In 2017 it was announced that Laurent would race in the World Endurance Championship in the LMP2 class. He drove for Jackie Chan DC Racing in a Jota Sport run Oreca 07 alongside Tung and Oliver Jarvis.

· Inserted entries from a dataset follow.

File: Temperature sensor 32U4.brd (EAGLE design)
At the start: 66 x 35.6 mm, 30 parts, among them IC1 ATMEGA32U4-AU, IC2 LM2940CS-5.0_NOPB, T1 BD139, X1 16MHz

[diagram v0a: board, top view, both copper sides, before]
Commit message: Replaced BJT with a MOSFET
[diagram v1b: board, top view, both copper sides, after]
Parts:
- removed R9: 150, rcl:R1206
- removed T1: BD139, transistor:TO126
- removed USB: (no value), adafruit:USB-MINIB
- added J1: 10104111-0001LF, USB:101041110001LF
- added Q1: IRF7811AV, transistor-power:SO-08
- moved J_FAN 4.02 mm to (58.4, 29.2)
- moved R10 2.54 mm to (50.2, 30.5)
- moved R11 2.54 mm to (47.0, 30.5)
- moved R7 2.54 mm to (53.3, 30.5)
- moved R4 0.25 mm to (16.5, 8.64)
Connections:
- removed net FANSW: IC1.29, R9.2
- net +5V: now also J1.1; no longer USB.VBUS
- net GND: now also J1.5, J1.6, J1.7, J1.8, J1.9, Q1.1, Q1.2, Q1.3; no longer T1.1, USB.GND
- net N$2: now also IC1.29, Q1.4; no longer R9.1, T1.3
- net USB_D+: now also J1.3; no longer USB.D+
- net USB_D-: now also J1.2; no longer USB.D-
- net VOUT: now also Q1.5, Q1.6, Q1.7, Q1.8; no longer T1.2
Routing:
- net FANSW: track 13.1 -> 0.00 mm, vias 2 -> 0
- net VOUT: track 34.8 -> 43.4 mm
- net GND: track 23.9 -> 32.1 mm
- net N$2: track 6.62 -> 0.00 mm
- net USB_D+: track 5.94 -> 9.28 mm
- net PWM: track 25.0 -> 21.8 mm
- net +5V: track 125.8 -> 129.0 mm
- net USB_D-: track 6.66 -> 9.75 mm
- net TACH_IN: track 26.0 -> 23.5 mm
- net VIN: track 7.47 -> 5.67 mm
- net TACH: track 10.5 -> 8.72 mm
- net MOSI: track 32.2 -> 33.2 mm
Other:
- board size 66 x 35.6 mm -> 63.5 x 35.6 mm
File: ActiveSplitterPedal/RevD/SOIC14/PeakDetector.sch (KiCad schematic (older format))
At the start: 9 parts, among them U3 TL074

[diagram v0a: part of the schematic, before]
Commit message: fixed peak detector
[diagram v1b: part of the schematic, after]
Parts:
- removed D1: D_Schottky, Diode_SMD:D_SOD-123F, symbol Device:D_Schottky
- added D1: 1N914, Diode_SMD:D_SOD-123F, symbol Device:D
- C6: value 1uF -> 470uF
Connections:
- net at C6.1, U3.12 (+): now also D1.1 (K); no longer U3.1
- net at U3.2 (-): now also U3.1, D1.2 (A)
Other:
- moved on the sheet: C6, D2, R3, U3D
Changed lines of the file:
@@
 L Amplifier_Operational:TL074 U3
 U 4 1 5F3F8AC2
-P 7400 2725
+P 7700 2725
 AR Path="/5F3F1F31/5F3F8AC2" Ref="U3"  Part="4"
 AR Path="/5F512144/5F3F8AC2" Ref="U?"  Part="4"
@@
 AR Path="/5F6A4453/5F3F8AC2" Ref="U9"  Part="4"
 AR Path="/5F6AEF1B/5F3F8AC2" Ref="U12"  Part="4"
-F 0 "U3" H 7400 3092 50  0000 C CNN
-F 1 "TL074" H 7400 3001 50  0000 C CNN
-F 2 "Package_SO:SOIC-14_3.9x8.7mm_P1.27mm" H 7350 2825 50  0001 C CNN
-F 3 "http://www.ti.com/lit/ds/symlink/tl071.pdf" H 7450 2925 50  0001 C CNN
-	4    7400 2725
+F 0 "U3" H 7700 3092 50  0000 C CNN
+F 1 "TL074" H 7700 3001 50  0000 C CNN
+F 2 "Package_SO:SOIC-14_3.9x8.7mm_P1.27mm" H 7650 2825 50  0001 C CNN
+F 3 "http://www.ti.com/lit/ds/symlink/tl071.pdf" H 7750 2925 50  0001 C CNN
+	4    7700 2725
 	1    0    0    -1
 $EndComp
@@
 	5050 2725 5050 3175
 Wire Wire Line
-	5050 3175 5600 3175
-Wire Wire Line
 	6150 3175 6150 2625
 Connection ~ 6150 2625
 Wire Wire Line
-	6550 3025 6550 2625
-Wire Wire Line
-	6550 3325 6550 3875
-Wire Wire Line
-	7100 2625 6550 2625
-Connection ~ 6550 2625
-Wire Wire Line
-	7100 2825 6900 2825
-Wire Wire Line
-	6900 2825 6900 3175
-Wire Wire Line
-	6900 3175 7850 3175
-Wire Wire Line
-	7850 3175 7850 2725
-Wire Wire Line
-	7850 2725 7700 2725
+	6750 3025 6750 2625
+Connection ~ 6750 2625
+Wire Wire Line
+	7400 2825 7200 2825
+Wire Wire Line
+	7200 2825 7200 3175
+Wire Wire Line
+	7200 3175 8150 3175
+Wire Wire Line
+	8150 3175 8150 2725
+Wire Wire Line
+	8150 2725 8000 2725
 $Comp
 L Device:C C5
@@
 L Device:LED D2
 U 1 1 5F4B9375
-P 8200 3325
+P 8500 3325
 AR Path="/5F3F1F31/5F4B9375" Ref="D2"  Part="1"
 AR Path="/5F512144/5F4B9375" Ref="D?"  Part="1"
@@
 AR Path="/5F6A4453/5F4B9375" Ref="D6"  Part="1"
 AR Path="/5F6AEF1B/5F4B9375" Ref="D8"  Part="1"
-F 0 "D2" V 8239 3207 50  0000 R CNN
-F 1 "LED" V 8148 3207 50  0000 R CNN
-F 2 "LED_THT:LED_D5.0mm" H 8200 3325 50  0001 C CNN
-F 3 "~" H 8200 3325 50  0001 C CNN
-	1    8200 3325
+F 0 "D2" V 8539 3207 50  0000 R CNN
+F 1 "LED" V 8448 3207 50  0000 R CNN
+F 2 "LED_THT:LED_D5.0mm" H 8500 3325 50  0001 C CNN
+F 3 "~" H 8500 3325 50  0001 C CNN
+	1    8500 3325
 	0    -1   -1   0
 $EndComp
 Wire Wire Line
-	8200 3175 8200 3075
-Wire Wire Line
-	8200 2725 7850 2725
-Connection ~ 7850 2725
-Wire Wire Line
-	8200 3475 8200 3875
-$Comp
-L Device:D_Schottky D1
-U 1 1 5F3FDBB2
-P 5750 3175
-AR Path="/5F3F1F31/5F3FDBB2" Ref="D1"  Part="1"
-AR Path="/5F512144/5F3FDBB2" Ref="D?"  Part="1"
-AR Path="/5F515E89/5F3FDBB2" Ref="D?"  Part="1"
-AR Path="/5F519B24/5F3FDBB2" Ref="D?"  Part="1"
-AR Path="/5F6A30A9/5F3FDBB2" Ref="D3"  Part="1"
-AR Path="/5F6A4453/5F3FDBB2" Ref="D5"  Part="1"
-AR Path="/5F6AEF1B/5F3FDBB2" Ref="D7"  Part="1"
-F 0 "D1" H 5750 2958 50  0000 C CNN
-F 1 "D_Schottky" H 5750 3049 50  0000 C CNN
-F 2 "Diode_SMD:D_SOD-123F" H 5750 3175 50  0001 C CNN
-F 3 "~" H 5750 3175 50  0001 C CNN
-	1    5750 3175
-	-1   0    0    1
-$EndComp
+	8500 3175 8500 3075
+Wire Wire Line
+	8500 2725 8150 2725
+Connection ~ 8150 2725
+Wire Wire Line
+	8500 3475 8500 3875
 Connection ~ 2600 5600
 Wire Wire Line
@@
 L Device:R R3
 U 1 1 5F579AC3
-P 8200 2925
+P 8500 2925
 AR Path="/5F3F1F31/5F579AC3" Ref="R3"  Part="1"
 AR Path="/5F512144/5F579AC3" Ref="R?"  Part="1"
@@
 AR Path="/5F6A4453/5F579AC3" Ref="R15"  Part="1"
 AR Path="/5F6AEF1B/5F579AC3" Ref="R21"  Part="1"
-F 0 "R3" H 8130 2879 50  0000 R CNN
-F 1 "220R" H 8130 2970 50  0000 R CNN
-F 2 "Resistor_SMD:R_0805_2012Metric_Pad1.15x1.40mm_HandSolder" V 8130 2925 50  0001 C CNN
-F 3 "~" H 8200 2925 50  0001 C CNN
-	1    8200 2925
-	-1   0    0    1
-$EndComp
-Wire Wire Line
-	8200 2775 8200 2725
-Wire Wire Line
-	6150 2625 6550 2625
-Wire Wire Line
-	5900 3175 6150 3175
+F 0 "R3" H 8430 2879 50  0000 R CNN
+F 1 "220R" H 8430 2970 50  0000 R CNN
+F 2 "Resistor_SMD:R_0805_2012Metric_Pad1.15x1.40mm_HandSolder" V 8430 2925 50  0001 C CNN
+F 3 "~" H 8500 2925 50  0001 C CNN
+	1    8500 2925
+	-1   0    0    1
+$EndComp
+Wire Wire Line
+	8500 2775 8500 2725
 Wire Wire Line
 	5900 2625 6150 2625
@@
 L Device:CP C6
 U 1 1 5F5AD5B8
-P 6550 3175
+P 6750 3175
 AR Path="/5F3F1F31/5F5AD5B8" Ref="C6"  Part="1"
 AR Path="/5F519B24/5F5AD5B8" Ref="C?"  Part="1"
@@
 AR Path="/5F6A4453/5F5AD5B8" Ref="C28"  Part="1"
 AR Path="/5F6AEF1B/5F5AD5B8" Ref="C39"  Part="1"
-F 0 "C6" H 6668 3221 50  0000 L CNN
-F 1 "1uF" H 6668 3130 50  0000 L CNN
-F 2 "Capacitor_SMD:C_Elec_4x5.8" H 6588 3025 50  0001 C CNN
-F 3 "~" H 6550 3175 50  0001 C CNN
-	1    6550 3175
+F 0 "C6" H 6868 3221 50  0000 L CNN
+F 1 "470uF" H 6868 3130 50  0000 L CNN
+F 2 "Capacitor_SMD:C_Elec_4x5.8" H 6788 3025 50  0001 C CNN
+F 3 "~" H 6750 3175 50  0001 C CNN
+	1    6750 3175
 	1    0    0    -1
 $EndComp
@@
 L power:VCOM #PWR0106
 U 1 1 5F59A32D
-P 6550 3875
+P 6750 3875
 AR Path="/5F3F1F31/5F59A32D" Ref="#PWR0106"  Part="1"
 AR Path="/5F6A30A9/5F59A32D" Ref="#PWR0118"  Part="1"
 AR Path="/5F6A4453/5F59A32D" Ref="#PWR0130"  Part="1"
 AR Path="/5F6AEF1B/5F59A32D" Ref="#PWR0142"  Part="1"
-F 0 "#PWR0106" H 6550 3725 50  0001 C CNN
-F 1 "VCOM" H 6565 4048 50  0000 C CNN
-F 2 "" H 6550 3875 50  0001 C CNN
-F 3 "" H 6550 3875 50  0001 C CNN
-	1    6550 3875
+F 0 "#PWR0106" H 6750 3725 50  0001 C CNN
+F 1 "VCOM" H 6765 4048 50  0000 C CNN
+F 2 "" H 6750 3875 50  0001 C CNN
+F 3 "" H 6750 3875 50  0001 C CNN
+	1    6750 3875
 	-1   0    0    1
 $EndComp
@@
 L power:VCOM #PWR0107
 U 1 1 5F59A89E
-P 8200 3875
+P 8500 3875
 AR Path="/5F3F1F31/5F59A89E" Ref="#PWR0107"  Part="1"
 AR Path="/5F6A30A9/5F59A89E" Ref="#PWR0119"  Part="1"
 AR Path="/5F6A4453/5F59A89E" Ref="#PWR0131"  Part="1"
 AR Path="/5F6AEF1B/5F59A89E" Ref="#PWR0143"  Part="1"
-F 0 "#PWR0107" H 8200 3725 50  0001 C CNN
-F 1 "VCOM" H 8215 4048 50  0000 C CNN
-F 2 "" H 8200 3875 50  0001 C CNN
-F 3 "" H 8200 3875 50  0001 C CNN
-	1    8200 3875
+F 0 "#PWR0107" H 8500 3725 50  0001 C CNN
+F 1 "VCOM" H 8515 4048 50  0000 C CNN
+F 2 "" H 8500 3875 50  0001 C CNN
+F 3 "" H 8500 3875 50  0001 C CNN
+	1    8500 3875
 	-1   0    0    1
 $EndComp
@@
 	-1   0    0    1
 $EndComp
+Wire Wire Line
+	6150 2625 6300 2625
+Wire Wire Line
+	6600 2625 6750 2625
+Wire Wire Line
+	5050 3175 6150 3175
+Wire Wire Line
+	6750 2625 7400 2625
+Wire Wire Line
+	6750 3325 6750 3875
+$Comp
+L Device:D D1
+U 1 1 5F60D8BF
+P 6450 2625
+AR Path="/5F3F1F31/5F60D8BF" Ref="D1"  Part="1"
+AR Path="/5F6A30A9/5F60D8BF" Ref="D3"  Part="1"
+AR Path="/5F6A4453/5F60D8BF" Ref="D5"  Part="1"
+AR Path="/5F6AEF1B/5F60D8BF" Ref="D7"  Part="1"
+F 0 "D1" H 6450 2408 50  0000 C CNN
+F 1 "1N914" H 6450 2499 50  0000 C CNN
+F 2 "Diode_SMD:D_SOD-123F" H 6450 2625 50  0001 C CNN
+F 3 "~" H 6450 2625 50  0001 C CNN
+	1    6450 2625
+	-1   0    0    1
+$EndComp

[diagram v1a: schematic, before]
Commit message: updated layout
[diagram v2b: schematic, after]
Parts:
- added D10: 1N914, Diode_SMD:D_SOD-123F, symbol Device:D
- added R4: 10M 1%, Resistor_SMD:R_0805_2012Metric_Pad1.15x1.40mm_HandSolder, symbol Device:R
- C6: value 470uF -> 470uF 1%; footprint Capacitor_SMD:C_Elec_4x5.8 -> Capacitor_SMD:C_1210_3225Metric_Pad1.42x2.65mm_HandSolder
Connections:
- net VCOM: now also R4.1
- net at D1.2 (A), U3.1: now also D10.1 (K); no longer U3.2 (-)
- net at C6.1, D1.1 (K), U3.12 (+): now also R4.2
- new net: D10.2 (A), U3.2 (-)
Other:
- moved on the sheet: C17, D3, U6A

After winning on his debut at Silverstone and finishing third at Spa, Laurent had an impressive run at Le Mans. After helping his team get into the LMP2 lead, Laurent inherited the overall lead due to problems with LMP1 cars. In the end, he won Le Mans in the LMP2 class, finishing second on the overall podium. He added to his win count with a dominant victory at the Nurburgring, but then finished ninth in class in Mexico due to a clutch issue. More successful races followed at the Circuit Of The Americas and Fuji with fourth and third-placed finishes respectively.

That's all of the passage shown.